[Start of section]

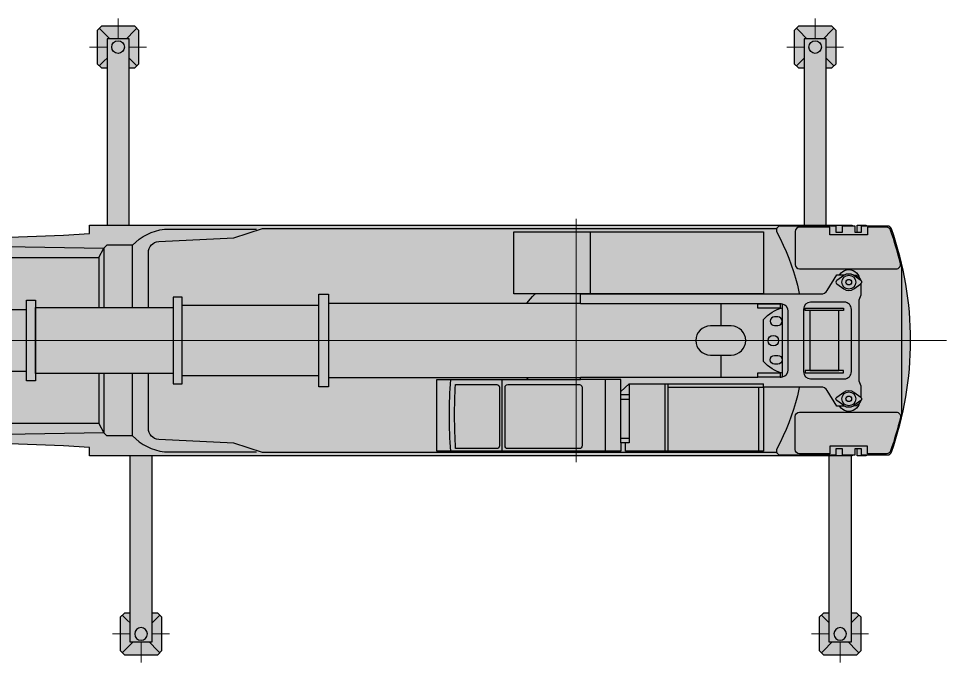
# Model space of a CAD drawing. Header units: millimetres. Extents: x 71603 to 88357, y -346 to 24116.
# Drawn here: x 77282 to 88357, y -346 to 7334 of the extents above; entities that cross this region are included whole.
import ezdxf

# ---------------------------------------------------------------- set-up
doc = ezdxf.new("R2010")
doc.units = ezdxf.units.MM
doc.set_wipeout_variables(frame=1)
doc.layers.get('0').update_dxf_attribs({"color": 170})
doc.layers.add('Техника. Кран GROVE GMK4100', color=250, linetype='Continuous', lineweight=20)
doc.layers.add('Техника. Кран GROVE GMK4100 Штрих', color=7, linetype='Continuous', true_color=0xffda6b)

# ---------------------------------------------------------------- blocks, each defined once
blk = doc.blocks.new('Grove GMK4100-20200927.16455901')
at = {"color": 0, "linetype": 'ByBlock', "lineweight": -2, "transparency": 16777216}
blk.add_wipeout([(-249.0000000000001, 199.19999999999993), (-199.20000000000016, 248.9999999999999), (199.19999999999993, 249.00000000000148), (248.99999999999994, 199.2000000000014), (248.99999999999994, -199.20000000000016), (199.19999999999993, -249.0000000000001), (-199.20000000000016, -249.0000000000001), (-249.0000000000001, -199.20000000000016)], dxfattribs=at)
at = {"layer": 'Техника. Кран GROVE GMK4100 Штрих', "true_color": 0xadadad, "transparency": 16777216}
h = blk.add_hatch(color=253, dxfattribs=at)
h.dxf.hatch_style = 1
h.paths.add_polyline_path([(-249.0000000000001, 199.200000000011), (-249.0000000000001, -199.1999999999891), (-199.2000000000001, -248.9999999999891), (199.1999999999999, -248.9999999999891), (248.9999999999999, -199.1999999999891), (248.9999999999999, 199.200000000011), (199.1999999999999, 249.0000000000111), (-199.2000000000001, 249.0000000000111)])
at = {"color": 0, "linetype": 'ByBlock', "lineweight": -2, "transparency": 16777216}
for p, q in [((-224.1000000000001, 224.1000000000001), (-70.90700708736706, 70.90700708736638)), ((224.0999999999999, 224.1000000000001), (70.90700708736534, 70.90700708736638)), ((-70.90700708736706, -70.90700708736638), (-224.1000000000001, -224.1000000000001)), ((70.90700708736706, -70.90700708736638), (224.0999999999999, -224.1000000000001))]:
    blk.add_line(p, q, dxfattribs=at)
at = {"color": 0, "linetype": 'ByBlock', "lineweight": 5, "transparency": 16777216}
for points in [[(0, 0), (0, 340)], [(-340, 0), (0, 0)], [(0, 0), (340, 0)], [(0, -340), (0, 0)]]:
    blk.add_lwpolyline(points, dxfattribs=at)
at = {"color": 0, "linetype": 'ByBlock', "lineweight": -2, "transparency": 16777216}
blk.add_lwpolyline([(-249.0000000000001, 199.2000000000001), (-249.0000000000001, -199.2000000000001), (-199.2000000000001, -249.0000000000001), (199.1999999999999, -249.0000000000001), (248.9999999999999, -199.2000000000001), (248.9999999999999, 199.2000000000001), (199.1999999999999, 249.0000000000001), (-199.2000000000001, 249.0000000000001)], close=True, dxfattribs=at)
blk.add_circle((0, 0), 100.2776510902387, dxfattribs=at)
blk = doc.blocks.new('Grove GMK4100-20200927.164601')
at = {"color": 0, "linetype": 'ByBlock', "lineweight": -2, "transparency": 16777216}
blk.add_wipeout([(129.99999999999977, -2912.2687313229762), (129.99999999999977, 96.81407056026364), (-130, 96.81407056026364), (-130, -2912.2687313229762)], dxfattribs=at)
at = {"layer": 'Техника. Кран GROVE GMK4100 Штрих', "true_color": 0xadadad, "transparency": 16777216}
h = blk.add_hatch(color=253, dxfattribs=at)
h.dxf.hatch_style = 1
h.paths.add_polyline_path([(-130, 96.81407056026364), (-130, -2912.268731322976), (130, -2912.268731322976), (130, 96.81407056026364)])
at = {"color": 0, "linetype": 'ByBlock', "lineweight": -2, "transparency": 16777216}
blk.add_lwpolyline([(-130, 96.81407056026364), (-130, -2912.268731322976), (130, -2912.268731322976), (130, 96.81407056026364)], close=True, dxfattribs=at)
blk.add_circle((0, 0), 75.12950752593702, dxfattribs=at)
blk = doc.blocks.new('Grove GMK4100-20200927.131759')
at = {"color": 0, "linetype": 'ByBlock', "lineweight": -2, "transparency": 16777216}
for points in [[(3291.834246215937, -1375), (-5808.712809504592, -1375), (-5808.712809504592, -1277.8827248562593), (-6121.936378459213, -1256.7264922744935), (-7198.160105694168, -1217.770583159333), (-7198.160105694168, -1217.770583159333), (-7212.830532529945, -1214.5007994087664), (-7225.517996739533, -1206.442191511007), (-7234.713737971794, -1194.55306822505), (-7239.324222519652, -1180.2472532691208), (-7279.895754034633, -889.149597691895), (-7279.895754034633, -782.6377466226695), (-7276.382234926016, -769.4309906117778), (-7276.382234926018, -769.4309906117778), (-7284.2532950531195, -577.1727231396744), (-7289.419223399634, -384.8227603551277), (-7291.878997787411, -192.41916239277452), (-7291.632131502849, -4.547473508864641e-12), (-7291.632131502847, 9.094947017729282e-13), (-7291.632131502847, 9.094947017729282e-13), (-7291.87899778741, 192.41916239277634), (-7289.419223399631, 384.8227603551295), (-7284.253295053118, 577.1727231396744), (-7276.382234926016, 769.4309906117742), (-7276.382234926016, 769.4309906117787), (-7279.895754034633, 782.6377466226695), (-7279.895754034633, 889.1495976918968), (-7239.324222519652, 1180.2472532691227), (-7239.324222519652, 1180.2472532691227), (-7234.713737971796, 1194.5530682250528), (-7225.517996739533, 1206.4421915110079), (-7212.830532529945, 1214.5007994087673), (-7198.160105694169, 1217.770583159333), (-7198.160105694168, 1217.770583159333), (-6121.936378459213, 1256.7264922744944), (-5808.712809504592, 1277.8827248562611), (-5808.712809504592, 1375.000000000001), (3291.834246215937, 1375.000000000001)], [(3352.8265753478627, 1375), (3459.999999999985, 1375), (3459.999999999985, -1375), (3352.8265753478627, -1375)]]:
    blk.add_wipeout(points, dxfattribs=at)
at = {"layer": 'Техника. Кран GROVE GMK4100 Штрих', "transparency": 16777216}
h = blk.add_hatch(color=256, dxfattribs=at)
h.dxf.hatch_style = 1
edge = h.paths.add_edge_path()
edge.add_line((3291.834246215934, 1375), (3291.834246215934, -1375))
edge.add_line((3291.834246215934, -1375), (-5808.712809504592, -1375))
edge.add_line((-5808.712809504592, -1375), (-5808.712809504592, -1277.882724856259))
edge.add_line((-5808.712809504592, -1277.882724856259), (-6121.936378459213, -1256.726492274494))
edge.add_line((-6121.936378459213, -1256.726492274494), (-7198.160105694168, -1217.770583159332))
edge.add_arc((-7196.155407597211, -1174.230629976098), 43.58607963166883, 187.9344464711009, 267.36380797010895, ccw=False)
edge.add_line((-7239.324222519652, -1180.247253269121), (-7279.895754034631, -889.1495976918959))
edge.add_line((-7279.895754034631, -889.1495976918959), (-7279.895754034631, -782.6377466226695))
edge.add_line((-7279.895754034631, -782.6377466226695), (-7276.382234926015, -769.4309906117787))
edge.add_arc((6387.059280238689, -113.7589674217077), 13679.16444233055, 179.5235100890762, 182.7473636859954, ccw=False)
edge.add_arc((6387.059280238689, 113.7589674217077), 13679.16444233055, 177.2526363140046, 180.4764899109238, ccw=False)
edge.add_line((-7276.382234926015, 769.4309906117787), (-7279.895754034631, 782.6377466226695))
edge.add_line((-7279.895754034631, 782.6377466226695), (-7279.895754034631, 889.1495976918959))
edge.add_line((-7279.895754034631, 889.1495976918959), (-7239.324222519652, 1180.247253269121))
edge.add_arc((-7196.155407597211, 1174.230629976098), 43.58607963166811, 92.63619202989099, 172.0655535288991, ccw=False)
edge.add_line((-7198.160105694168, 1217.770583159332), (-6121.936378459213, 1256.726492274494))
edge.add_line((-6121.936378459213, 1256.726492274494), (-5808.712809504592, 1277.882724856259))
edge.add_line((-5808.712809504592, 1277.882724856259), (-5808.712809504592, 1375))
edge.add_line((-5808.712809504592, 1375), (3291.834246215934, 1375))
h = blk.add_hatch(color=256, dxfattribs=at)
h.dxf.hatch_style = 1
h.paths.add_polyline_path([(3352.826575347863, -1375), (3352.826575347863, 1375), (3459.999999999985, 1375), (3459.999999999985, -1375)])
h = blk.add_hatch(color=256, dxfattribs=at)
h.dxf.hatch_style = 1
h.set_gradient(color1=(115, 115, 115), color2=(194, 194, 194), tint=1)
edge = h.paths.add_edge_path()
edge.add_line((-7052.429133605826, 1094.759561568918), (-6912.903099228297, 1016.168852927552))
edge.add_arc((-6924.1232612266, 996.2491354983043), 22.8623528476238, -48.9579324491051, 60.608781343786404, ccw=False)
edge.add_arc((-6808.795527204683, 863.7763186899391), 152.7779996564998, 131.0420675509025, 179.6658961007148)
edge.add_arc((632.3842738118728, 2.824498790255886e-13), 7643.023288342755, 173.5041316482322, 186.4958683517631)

[End of section]

◆ WHAT IS EXPECTED ◆
Above are the records. Print exactly, and only, the lines from the line with "-1375), (-5808.712809504592, -1277.882724856259))" to the line with "782.6377466226695), (-7279.895754034631, 889.1495976918959))", both inclusive.

◆ ANSWER TO THIS EXERCISE ◆
edge.add_line((-5808.712809504592, -1375), (-5808.712809504592, -1277.882724856259))
edge.add_line((-5808.712809504592, -1277.882724856259), (-6121.936378459213, -1256.726492274494))
edge.add_line((-6121.936378459213, -1256.726492274494), (-7198.160105694168, -1217.770583159332))
edge.add_arc((-7196.155407597211, -1174.230629976098), 43.58607963166883, 187.9344464711009, 267.36380797010895, ccw=False)
edge.add_line((-7239.324222519652, -1180.247253269121), (-7279.895754034631, -889.1495976918959))
edge.add_line((-7279.895754034631, -889.1495976918959), (-7279.895754034631, -782.6377466226695))
edge.add_line((-7279.895754034631, -782.6377466226695), (-7276.382234926015, -769.4309906117787))
edge.add_arc((6387.059280238689, -113.7589674217077), 13679.16444233055, 179.5235100890762, 182.7473636859954, ccw=False)
edge.add_arc((6387.059280238689, 113.7589674217077), 13679.16444233055, 177.2526363140046, 180.4764899109238, ccw=False)
edge.add_line((-7276.382234926015, 769.4309906117787), (-7279.895754034631, 782.6377466226695))
edge.add_line((-7279.895754034631, 782.6377466226695), (-7279.895754034631, 889.1495976918959))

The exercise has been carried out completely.